Vendredi, dans une déclaration à la télévision, le Premier ministre chinois Wen Jiabao a mis en garde contre une montée du protectionnisme chez les partenaires commerciaux de la Chine. S’il n’a pas fait directement référence au texte américain, Wen a fait part de son inquiétude de voir le protectionnisme commercial provoquer le ralentissement de la croissance économique globale.

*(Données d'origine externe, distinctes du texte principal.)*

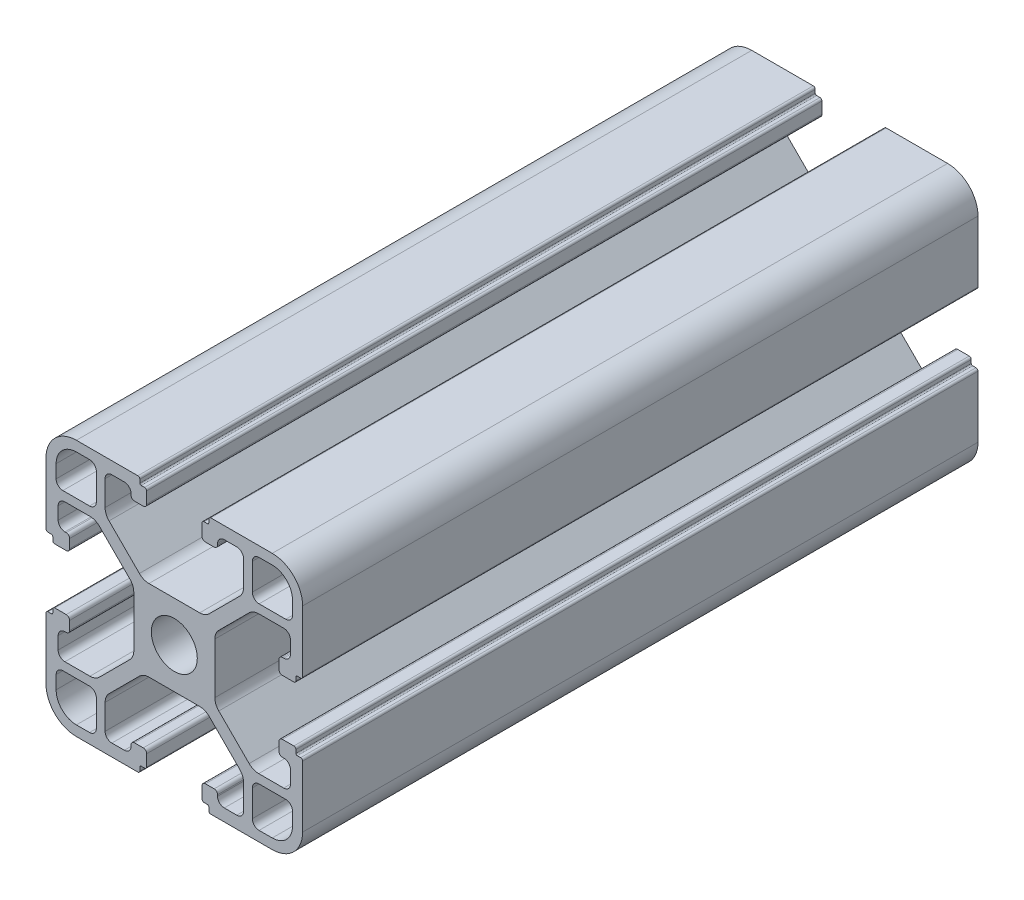
SolidWorks part; units mm, degrees
ref_plane "前视基准面" through (0, 0, 0) normal (0, 0, 1) x (1, 0, 0)
ref_plane "上视基准面" through (0, 0, 0) normal (0, 1, 0) x (1, 0, 0)
ref_plane "右视基准面" through (0, 0, 0) normal (1, 0, 0) x (0, 0, -1)
sketch "草图1" plane through (0, 0, 0) normal (0, 0, 1) x (1, 0, 0)
  line B0 (-5.1, -18.7) -> (-5.1, -18.2)
  line B1 (-4.9, -18) -> (-4.4, -18)
  line B2 (-4.1, -17.7) -> (-4.1, -16)
  line B3 (-4.6, -15.5) -> (-5.9, -15.5)
  line B4 (-6.4, -16) -> (-6.4, -16.2)
  line B5 (-7.4, -17.2) -> (-9.25, -17.2)
  line B6 (-10.25, -16.2) -> (-10.25, -12.4926)
  line B7 (-9.6642, -11.0784) -> (-5.1716, -6.5858)
  line B8 (-3.7574, -6) -> (3.7574, -6)
  line B9 (5.1716, -6.5858) -> (9.6642, -11.0784)
  line B10 (10.25, -12.4926) -> (10.25, -16.2)
  line B11 (9.25, -17.2) -> (7.4, -17.2)
  line B12 (6.4, -16.2) -> (6.4, -16)
  line B13 (5.9, -15.5) -> (4.6, -15.5)
  line B14 (4.1, -16) -> (4.1, -17.7)
  line B15 (4.4, -18) -> (4.9, -18)
  line B16 (5.1, -18.2) -> (5.1, -18.7)
  line B17 (5.4, -19) -> (14.5, -19)
  line B18 (19, -14.5) -> (19, -5.4)
  line B19 (18.7, -5.1) -> (18.2, -5.1)
  line B20 (18, -4.9) -> (18, -4.4)
  line B21 (17.7, -4.1) -> (16, -4.1)
  line B22 (15.5, -4.6) -> (15.5, -5.9)
  line B23 (16, -6.4) -> (16.2, -6.4)
  line B24 (17.2, -7.4) -> (17.2, -9.25)
  line B25 (16.2, -10.25) -> (12.4926, -10.25)
  line B26 (11.0784, -9.6642) -> (6.5858, -5.1716)
  line B27 (6, -3.7574) -> (6, 3.7574)
  line B28 (6.5858, 5.1716) -> (11.0784, 9.6642)
  line B29 (12.4926, 10.25) -> (16.2, 10.25)
  line B30 (17.2, 9.25) -> (17.2, 7.4)
  line B31 (16.2, 6.4) -> (16, 6.4)
  line B32 (15.5, 5.9) -> (15.5, 4.6)
  line B33 (16, 4.1) -> (17.7, 4.1)
  line B34 (18, 4.4) -> (18, 4.9)
  line B35 (18.2, 5.1) -> (18.7, 5.1)
  line B36 (19, 5.4) -> (19, 14.5)
  line B37 (14.5, 19) -> (5.4, 19)
  line B38 (5.1, 18.7) -> (5.1, 18.2)
  line B39 (4.9, 18) -> (4.4, 18)
  line B40 (4.1, 17.7) -> (4.1, 16)
  line B41 (4.6, 15.5) -> (5.9, 15.5)
  line B42 (6.4, 16) -> (6.4, 16.2)
  line B43 (7.4, 17.2) -> (9.25, 17.2)
  line B44 (10.25, 16.2) -> (10.25, 12.4926)
  line B45 (9.6642, 11.0784) -> (5.1716, 6.5858)
  line B46 (3.7574, 6) -> (-3.7574, 6)
  line B47 (-5.1716, 6.5858) -> (-9.6642, 11.0784)
  line B48 (-10.25, 12.4926) -> (-10.25, 16.2)
  line B49 (-9.25, 17.2) -> (-7.4, 17.2)
  line B50 (-6.4, 16.2) -> (-6.4, 16)
  line B51 (-5.9, 15.5) -> (-4.6, 15.5)
  line B52 (-4.1, 16) -> (-4.1, 17.7)
  line B53 (-4.4, 18) -> (-4.9, 18)
  line B54 (-5.1, 18.2) -> (-5.1, 18.7)
  line B55 (-5.4, 19) -> (-14.5, 19)
  line B56 (-19, 14.5) -> (-19, 5.4)
  line B57 (-18.7, 5.1) -> (-18.2, 5.1)
  line B58 (-18, 4.9) -> (-18, 4.4)
  line B59 (-17.7, 4.1) -> (-16, 4.1)
  line B60 (-15.5, 4.6) -> (-15.5, 5.9)
  line B61 (-16, 6.4) -> (-16.2, 6.4)
  line B62 (-17.2, 7.4) -> (-17.2, 9.25)
  line B63 (-16.2, 10.25) -> (-12.4926, 10.25)
  line B64 (-11.0784, 9.6642) -> (-6.5858, 5.1716)
  line B65 (-6, 3.7574) -> (-6, -3.7574)
  line B66 (-6.5858, -5.1716) -> (-11.0784, -9.6642)
  line B67 (-12.4926, -10.25) -> (-16.2, -10.25)
  line B68 (-17.2, -9.25) -> (-17.2, -7.4)
  line B69 (-16.2, -6.4) -> (-16, -6.4)
  line B70 (-15.5, -5.9) -> (-15.5, -4.6)
  line B71 (-16, -4.1) -> (-17.7, -4.1)
  line B72 (-18, -4.4) -> (-18, -4.9)
  line B73 (-18.2, -5.1) -> (-18.7, -5.1)
  line B74 (-19, -5.4) -> (-19, -14.5)
  line B75 (-14.5, -19) -> (-5.4, -19)
  line B76 (-14.5, -17.5) -> (-12.55, -17.5)
  line B77 (-11.55, -16.5) -> (-11.55, -12.55)
  line B78 (-12.55, -11.55) -> (-16.5, -11.55)
  line B79 (-17.5, -12.55) -> (-17.5, -14.5)
  line B80 (-12.55, 17.5) -> (-14.5, 17.5)
  line B81 (-17.5, 14.5) -> (-17.5, 12.55)
  line B82 (-16.5, 11.55) -> (-12.55, 11.55)
  line B83 (-11.55, 12.55) -> (-11.55, 16.5)
  line B84 (12.55, 11.55) -> (16.5, 11.55)
  line B85 (17.5, 12.55) -> (17.5, 14.5)
  line B86 (14.5, 17.5) -> (12.55, 17.5)
  line B87 (11.55, 16.5) -> (11.55, 12.55)
  line B88 (12.55, -17.5) -> (14.5, -17.5)
  line B89 (17.5, -14.5) -> (17.5, -12.55)
  line B90 (16.5, -11.55) -> (12.55, -11.55)
  line B91 (11.55, -12.55) -> (11.55, -16.5)
  arc B92 (-4.9, -18) -> (-5.1, -18.2) centre (-4.9, -18.2) ccw
  arc B93 (-4.4, -18) -> (-4.1, -17.7) centre (-4.4, -17.7) ccw
  arc B94 (-4.1, -16) -> (-4.6, -15.5) centre (-4.6, -16) ccw
  arc B95 (-5.9, -15.5) -> (-6.4, -16) centre (-5.9, -16) ccw
  arc B96 (-7.4, -17.2) -> (-6.4, -16.2) centre (-7.4, -16.2) ccw
  arc B97 (-10.25, -16.2) -> (-9.25, -17.2) centre (-9.25, -16.2) ccw
  arc B98 (-9.6642, -11.0784) -> (-10.25, -12.4926) centre (-8.25, -12.4926) ccw
  arc B99 (-3.7574, -6) -> (-5.1716, -6.5858) centre (-3.7574, -8) ccw
  arc B100 (5.1716, -6.5858) -> (3.7574, -6) centre (3.7574, -8) ccw
  arc B101 (10.25, -12.4926) -> (9.6642, -11.0784) centre (8.25, -12.4926) ccw
  arc B102 (9.25, -17.2) -> (10.25, -16.2) centre (9.25, -16.2) ccw
  arc B103 (6.4, -16.2) -> (7.4, -17.2) centre (7.4, -16.2) ccw
  arc B104 (6.4, -16) -> (5.9, -15.5) centre (5.9, -16) ccw
  arc B105 (4.6, -15.5) -> (4.1, -16) centre (4.6, -16) ccw
  arc B106 (4.1, -17.7) -> (4.4, -18) centre (4.4, -17.7) ccw
  arc B107 (5.1, -18.2) -> (4.9, -18) centre (4.9, -18.2) ccw
  arc B108 (5.1, -18.7) -> (5.4, -19) centre (5.4, -18.7) ccw
  arc B109 (14.5, -19) -> (19, -14.5) centre (14.5, -14.5) ccw
  arc B110 (19, -5.4) -> (18.7, -5.1) centre (18.7, -5.4) ccw
  arc B111 (18, -4.9) -> (18.2, -5.1) centre (18.2, -4.9) ccw
  arc B112 (18, -4.4) -> (17.7, -4.1) centre (17.7, -4.4) ccw
  arc B113 (16, -4.1) -> (15.5, -4.6) centre (16, -4.6) ccw
  arc B114 (15.5, -5.9) -> (16, -6.4) centre (16, -5.9) ccw
  arc B115 (17.2, -7.4) -> (16.2, -6.4) centre (16.2, -7.4) ccw
  arc B116 (16.2, -10.25) -> (17.2, -9.25) centre (16.2, -9.25) ccw
  arc B117 (11.0784, -9.6642) -> (12.4926, -10.25) centre (12.4926, -8.25) ccw
  arc B118 (6, -3.7574) -> (6.5858, -5.1716) centre (8, -3.7574) ccw
  arc B119 (6.5858, 5.1716) -> (6, 3.7574) centre (8, 3.7574) ccw
  arc B120 (12.4926, 10.25) -> (11.0784, 9.6642) centre (12.4926, 8.25) ccw
  arc B121 (17.2, 9.25) -> (16.2, 10.25) centre (16.2, 9.25) ccw
  arc B122 (16.2, 6.4) -> (17.2, 7.4) centre (16.2, 7.4) ccw
  arc B123 (16, 6.4) -> (15.5, 5.9) centre (16, 5.9) ccw
  arc B124 (15.5, 4.6) -> (16, 4.1) centre (16, 4.6) ccw
  arc B125 (17.7, 4.1) -> (18, 4.4) centre (17.7, 4.4) ccw
  arc B126 (18.2, 5.1) -> (18, 4.9) centre (18.2, 4.9) ccw
  arc B127 (18.7, 5.1) -> (19, 5.4) centre (18.7, 5.4) ccw
  arc B128 (19, 14.5) -> (14.5, 19) centre (14.5, 14.5) ccw
  arc B129 (5.4, 19) -> (5.1, 18.7) centre (5.4, 18.7) ccw
  arc B130 (4.9, 18) -> (5.1, 18.2) centre (4.9, 18.2) ccw
  arc B131 (4.4, 18) -> (4.1, 17.7) centre (4.4, 17.7) ccw
  arc B132 (4.1, 16) -> (4.6, 15.5) centre (4.6, 16) ccw
  arc B133 (5.9, 15.5) -> (6.4, 16) centre (5.9, 16) ccw
  arc B134 (7.4, 17.2) -> (6.4, 16.2) centre (7.4, 16.2) ccw
  arc B135 (10.25, 16.2) -> (9.25, 17.2) centre (9.25, 16.2) ccw
  arc B136 (9.6642, 11.0784) -> (10.25, 12.4926) centre (8.25, 12.4926) ccw
  arc B137 (3.7574, 6) -> (5.1716, 6.5858) centre (3.7574, 8) ccw
  arc B138 (-5.1716, 6.5858) -> (-3.7574, 6) centre (-3.7574, 8) ccw
  arc B139 (-10.25, 12.4926) -> (-9.6642, 11.0784) centre (-8.25, 12.4926) ccw
  arc B140 (-9.25, 17.2) -> (-10.25, 16.2) centre (-9.25, 16.2) ccw
  arc B141 (-6.4, 16.2) -> (-7.4, 17.2) centre (-7.4, 16.2) ccw
  arc B142 (-6.4, 16) -> (-5.9, 15.5) centre (-5.9, 16) ccw
  arc B143 (-4.6, 15.5) -> (-4.1, 16) centre (-4.6, 16) ccw
  arc B144 (-4.1, 17.7) -> (-4.4, 18) centre (-4.4, 17.7) ccw
  arc B145 (-5.1, 18.2) -> (-4.9, 18) centre (-4.9, 18.2) ccw
  arc B146 (-5.1, 18.7) -> (-5.4, 19) centre (-5.4, 18.7) ccw
  arc B147 (-14.5, 19) -> (-19, 14.5) centre (-14.5, 14.5) ccw
  arc B148 (-19, 5.4) -> (-18.7, 5.1) centre (-18.7, 5.4) ccw
  arc B149 (-18, 4.9) -> (-18.2, 5.1) centre (-18.2, 4.9) ccw
  arc B150 (-18, 4.4) -> (-17.7, 4.1) centre (-17.7, 4.4) ccw
  arc B151 (-16, 4.1) -> (-15.5, 4.6) centre (-16, 4.6) ccw
  arc B152 (-15.5, 5.9) -> (-16, 6.4) centre (-16, 5.9) ccw
  arc B153 (-17.2, 7.4) -> (-16.2, 6.4) centre (-16.2, 7.4) ccw
  arc B154 (-16.2, 10.25) -> (-17.2, 9.25) centre (-16.2, 9.25) ccw
  arc B155 (-11.0784, 9.6642) -> (-12.4926, 10.25) centre (-12.4926, 8.25) ccw
  arc B156 (-6, 3.7574) -> (-6.5858, 5.1716) centre (-8, 3.7574) ccw
  arc B157 (-6.5858, -5.1716) -> (-6, -3.7574) centre (-8, -3.7574) ccw
  arc B158 (-12.4926, -10.25) -> (-11.0784, -9.6642) centre (-12.4926, -8.25) ccw
  arc B159 (-17.2, -9.25) -> (-16.2, -10.25) centre (-16.2, -9.25) ccw
  arc B160 (-16.2, -6.4) -> (-17.2, -7.4) centre (-16.2, -7.4) ccw
  arc B161 (-16, -6.4) -> (-15.5, -5.9) centre (-16, -5.9) ccw
  arc B162 (-15.5, -4.6) -> (-16, -4.1) centre (-16, -4.6) ccw
  arc B163 (-17.7, -4.1) -> (-18, -4.4) centre (-17.7, -4.4) ccw
  arc B164 (-18.2, -5.1) -> (-18, -4.9) centre (-18.2, -4.9) ccw
  arc B165 (-18.7, -5.1) -> (-19, -5.4) centre (-18.7, -5.4) ccw
  arc B166 (-19, -14.5) -> (-14.5, -19) centre (-14.5, -14.5) ccw
  arc B167 (-5.4, -19) -> (-5.1, -18.7) centre (-5.4, -18.7) ccw
  arc B168 (-12.55, -17.5) -> (-11.55, -16.5) centre (-12.55, -16.5) ccw
  arc B169 (-11.55, -12.55) -> (-12.55, -11.55) centre (-12.55, -12.55) ccw
  arc B170 (-16.5, -11.55) -> (-17.5, -12.55) centre (-16.5, -12.55) ccw
  arc B171 (-17.5, -14.5) -> (-14.5, -17.5) centre (-14.5, -14.5) ccw
  arc B172 (-14.5, 17.5) -> (-17.5, 14.5) centre (-14.5, 14.5) ccw
  arc B173 (-17.5, 12.55) -> (-16.5, 11.55) centre (-16.5, 12.55) ccw
  arc B174 (-12.55, 11.55) -> (-11.55, 12.55) centre (-12.55, 12.55) ccw
  arc B175 (-11.55, 16.5) -> (-12.55, 17.5) centre (-12.55, 16.5) ccw
  arc B176 (16.5, 11.55) -> (17.5, 12.55) centre (16.5, 12.55) ccw
  arc B177 (17.5, 14.5) -> (14.5, 17.5) centre (14.5, 14.5) ccw
  arc B178 (12.55, 17.5) -> (11.55, 16.5) centre (12.55, 16.5) ccw
  arc B179 (11.55, 12.55) -> (12.55, 11.55) centre (12.55, 12.55) ccw
  arc B180 (14.5, -17.5) -> (17.5, -14.5) centre (14.5, -14.5) ccw
  arc B181 (17.5, -12.55) -> (16.5, -11.55) centre (16.5, -12.55) ccw
  arc B182 (12.55, -11.55) -> (11.55, -12.55) centre (12.55, -12.55) ccw
  arc B183 (11.55, -16.5) -> (12.55, -17.5) centre (12.55, -16.5) ccw
  circle B184 centre (0, 0) radius 3.4
sketch_block_instance "A$C11422B74-1"
sketch_block "A$C11422B74"
extrude "凸台-拉伸1" add sketch "草图1" along normal blind 100

Les entreprises américaines en Chine sont critiques

Les officiels chinois ne sont pas les seuls à critiquer cette proposition. La crainte qui se répand est de voir une bataille politique autour des monnaies s’étendre à d’autres domaines. Cette semaine du 17 octobre 2011, les deux principales organisations des entreprises américaines implantées en Chine, les chambres de commerce américaines à Beijing et Shanghai, ont manifesté leur propre opposition. « Ce texte sénatorial altérerait le commerce et les investissements bilatéraux, fragiliserait notre position au sein de l’Organisation mondiale du commerce et porterait atteinte à notre intérêt national », a estimé dans un communiqué le président de l’Amchan-China Ted Dean. « Nous nous y opposons. Il ne devrait pas devenir une loi. »

AmCham-China a estimé que le gouvernement américain ferait mieux de porter son attention sur des sujets essentiels tels que la protection de la propriété intellectuelle. De son côté, la chambre de commerce américaine de Shanghai a conseillé à Washington de se concentrer sur les limitations dont font l’objet, sur le marché chinois, les produits et services américains, plutôt que sur les questions de taux de change.

Une révision du système de change dans l’intérêt des Chinois

Des experts en science politique chinois optent pour une approche plus calme, estimant qu’il n’y a pas de raisons, pour aucune des deux parties, de s’inquiéter de cette législation. Le Congrès a déjà, une fois auparavant, menacé de punir la Chine pour manipulation de sa monnaie, ce qui n’a pas semblé affecter les relations entre les deux pays. « Le gouvernement chinois ferait mieux d’examiner scrupuleusement le système de change actuel, les mécanismes de valorisation et le niveau du taux de change pour voir si le mécanisme est adapté à un contexte en constante évolution tant sur le plan domestique qu’à l’international, et se demander s’il sert l’intérêt national, a affirmé Yi Xianrong de l’Institut de banque et de finance de l’Académie chinoise des sciences sociales. Si l’intérêt national chinois est bien protégé, qui se préoccupe du contenu de cette disposition sénatoriale américaine ? » a-t-il ajouté.

Un climat politique évolutif avant les élections américaines de 2012

Mais, Lu Zhengwei, chef économiste à l’établissement privé Industrial Bank, estime que cette loi traduit une modification en cours du climat politique aux implications bien plus larges. « L’adoption de ce texte devrait permettre de jauger l’évolution des positions américaines, considère Lu. Nous devrions nous alarmer que de plus en plus d’Américains souscrivent à l’idée selon laquelle les problèmes américains sont générés par le yuan. Ce texte est à appréhender dans le cadre d’un petit jeu politique à l’approche des élections de 2012. Ils doivent trouver un responsable. Mais choisir de blâmer la Chine atteste de sa position d’acteur désormais majeur sur la scène internationale. »

Pour l’instant, la Chine semble déterminée à ne pas se laisser imposer de calendrier pour son yuan. La devise s’est appréciée de manière notable cette semaine, mais il ne semble ne pas y avoir d’indications de changements majeurs à court terme.